Problem statement
Copy every line that contains the string "targetPoint" from the entries below.

Source records
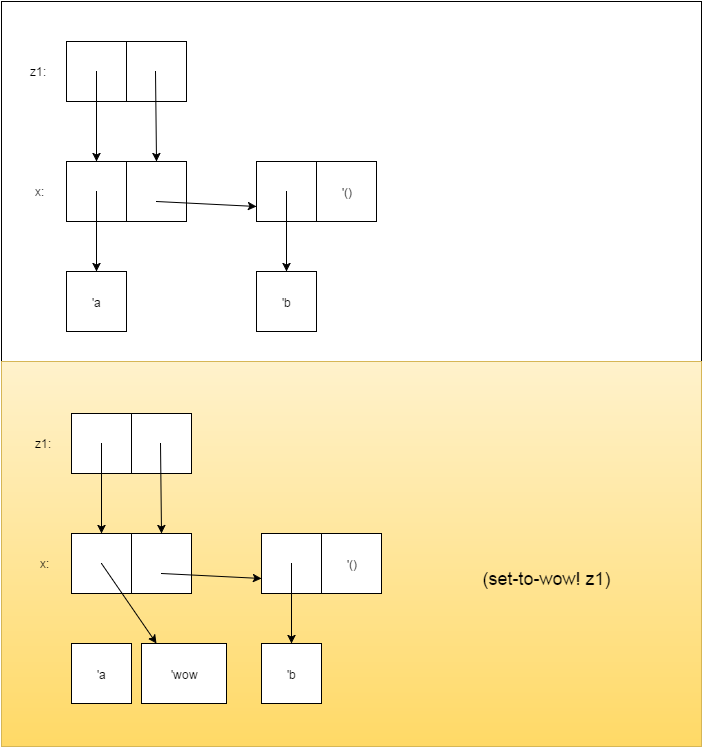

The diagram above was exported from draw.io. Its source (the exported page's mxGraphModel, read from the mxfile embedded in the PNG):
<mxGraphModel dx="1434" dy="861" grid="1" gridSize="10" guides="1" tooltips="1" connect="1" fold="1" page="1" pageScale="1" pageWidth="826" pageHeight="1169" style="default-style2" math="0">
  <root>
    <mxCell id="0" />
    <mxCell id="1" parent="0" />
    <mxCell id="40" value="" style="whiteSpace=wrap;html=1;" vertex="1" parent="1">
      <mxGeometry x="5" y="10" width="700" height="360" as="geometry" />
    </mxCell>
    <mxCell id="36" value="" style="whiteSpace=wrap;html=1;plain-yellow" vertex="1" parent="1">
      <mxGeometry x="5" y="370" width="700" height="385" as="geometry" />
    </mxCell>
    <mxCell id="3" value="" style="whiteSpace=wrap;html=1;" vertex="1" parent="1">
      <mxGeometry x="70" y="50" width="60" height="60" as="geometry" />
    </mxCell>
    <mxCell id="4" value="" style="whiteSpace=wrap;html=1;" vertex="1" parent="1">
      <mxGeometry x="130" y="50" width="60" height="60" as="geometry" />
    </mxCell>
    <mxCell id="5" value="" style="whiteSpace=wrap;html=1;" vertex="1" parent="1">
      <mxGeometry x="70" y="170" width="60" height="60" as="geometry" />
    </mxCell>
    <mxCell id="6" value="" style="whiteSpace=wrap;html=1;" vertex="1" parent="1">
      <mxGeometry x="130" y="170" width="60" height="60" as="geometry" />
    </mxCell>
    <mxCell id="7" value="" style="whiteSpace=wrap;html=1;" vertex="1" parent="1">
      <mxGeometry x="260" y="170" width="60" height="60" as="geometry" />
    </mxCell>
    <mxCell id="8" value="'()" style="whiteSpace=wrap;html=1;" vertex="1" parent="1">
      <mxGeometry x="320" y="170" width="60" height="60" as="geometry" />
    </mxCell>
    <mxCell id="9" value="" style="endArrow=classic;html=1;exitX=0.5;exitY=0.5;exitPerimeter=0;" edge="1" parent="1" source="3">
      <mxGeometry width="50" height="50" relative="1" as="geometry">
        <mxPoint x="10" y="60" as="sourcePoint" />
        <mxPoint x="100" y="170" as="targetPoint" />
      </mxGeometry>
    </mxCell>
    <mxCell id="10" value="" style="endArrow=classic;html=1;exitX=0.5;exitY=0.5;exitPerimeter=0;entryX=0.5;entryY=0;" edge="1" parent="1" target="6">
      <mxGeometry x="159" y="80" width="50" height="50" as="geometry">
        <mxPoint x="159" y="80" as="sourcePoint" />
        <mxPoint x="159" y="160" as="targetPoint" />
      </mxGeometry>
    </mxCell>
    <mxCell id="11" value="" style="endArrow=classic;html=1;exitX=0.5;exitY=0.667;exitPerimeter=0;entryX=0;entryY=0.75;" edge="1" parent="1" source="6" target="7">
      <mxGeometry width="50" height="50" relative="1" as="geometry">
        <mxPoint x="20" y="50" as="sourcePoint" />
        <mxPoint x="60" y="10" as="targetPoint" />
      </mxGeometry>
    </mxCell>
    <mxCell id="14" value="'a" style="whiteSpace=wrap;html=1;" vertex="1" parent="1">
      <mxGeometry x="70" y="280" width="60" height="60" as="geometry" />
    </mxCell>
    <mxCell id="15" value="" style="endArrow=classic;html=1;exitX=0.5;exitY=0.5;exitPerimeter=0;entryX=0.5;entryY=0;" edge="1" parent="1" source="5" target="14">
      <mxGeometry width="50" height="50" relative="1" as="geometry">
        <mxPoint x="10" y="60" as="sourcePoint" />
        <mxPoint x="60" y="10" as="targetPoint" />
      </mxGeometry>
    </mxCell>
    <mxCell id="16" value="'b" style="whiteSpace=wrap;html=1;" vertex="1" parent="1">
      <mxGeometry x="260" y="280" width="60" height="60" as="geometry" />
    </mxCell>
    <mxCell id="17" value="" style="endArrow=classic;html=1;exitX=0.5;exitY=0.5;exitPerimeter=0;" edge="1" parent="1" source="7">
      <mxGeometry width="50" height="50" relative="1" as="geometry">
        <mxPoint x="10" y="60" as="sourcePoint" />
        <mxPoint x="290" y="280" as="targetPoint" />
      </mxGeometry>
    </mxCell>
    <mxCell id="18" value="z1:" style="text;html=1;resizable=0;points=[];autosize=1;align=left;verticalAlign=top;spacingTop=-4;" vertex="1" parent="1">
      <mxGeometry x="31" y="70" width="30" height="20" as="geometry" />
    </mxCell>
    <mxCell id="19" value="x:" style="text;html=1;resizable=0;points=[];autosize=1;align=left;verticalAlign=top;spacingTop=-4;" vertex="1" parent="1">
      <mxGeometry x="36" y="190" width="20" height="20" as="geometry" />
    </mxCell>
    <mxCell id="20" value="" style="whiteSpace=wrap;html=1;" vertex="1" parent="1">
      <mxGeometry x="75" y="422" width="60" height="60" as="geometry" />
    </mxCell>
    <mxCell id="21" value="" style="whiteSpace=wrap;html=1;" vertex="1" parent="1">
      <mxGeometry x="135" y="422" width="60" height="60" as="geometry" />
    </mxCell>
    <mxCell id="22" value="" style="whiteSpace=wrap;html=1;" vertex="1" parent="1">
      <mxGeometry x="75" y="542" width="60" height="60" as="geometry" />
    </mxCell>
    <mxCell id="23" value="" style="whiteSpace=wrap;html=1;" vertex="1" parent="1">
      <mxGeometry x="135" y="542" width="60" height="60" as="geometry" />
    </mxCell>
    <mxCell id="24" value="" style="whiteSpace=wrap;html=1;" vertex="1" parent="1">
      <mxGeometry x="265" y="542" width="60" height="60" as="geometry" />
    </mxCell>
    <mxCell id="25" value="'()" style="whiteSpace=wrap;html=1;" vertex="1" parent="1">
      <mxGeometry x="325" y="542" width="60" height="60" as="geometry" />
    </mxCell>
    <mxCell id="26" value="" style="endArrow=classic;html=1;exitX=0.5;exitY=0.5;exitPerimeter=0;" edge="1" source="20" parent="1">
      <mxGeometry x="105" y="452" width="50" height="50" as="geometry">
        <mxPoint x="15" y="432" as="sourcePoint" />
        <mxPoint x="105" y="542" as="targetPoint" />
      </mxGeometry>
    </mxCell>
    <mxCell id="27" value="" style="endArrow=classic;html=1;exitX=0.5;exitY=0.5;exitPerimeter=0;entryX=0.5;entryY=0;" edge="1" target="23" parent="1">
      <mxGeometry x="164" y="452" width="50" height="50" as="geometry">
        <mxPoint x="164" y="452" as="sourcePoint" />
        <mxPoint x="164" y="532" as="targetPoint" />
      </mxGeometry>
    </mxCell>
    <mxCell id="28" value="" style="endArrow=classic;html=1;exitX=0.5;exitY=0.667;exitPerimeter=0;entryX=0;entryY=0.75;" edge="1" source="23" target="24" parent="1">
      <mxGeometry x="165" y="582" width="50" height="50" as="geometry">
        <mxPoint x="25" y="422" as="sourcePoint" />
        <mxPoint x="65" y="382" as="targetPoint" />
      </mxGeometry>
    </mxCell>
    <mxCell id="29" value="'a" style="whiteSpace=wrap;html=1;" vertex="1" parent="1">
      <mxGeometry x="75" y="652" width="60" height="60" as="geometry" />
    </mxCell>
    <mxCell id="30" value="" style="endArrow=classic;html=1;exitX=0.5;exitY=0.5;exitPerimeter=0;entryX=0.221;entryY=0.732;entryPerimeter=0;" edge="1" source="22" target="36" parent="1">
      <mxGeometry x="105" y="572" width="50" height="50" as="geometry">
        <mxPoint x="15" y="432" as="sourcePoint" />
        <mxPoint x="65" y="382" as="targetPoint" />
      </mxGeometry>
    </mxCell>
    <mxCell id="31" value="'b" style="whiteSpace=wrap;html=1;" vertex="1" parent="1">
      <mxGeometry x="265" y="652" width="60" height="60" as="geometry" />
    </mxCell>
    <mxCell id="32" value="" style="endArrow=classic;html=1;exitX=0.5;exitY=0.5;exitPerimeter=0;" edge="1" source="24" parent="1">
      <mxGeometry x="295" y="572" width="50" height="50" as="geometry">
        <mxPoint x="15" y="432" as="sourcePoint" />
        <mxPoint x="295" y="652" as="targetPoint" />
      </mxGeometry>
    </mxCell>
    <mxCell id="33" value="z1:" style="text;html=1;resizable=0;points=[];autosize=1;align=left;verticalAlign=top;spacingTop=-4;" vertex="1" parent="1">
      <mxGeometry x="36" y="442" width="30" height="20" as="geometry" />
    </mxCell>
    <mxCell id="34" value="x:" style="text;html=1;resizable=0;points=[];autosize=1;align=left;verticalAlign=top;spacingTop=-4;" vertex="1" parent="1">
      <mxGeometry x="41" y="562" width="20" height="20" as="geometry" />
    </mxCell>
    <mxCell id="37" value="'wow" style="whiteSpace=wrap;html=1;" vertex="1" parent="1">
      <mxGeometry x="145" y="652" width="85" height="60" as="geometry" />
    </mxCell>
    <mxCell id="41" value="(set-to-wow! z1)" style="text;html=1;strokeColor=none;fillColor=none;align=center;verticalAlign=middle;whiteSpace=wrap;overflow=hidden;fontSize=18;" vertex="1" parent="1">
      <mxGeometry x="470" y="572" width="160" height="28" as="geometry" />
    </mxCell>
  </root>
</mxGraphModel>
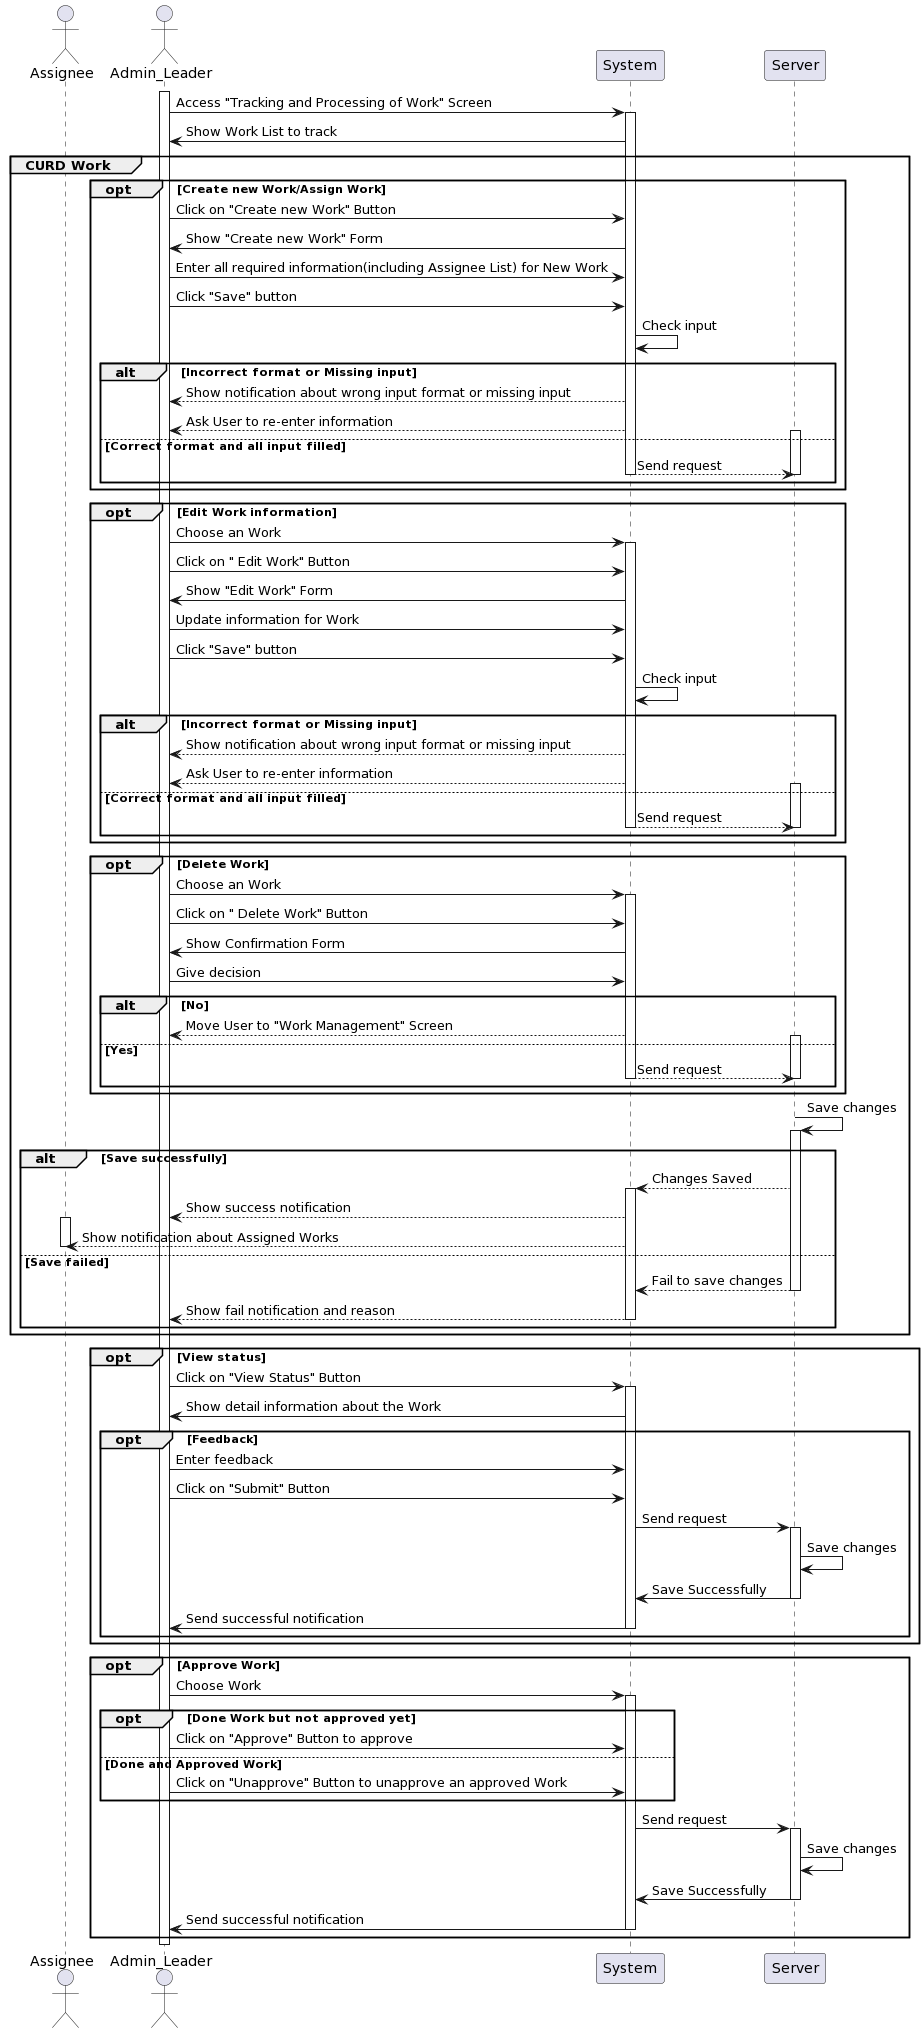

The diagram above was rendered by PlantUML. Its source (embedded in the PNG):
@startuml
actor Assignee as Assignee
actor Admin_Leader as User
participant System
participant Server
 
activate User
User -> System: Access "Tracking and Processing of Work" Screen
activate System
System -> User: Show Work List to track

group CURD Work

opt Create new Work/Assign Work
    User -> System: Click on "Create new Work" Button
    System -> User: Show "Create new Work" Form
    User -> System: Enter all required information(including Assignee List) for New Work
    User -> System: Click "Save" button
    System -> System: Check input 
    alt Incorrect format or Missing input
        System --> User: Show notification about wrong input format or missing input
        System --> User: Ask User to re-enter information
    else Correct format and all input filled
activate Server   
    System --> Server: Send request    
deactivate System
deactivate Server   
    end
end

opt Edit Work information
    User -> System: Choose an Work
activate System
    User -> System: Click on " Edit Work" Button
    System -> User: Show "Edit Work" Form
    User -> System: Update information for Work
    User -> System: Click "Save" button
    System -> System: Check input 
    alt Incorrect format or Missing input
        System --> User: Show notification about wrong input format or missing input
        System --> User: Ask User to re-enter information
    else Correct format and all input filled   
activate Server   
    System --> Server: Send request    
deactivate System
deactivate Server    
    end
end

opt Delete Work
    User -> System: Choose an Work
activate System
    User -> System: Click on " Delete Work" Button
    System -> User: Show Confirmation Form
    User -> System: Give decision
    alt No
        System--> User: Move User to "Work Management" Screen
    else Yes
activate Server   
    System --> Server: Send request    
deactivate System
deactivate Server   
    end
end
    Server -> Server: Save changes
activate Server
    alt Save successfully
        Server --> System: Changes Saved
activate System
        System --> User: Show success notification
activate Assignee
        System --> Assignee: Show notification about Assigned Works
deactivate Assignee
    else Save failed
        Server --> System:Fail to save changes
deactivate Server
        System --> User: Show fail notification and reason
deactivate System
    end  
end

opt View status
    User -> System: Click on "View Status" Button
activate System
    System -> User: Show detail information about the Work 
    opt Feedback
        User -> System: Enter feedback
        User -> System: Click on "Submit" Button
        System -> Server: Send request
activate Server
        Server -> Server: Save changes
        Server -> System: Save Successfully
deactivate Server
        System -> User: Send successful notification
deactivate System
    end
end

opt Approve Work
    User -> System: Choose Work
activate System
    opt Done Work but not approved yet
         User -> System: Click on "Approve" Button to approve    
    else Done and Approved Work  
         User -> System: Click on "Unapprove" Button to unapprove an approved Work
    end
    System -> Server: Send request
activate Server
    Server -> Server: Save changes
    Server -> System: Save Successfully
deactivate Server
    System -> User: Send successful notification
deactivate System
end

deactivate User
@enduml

Result for this exercise
        <mxPoint x="100" y="170" as="targetPoint" />
        <mxPoint x="159" y="160" as="targetPoint" />
        <mxPoint x="60" y="10" as="targetPoint" />
        <mxPoint x="60" y="10" as="targetPoint" />
        <mxPoint x="290" y="280" as="targetPoint" />
        <mxPoint x="105" y="542" as="targetPoint" />
        <mxPoint x="164" y="532" as="targetPoint" />
        <mxPoint x="65" y="382" as="targetPoint" />
        <mxPoint x="65" y="382" as="targetPoint" />
        <mxPoint x="295" y="652" as="targetPoint" />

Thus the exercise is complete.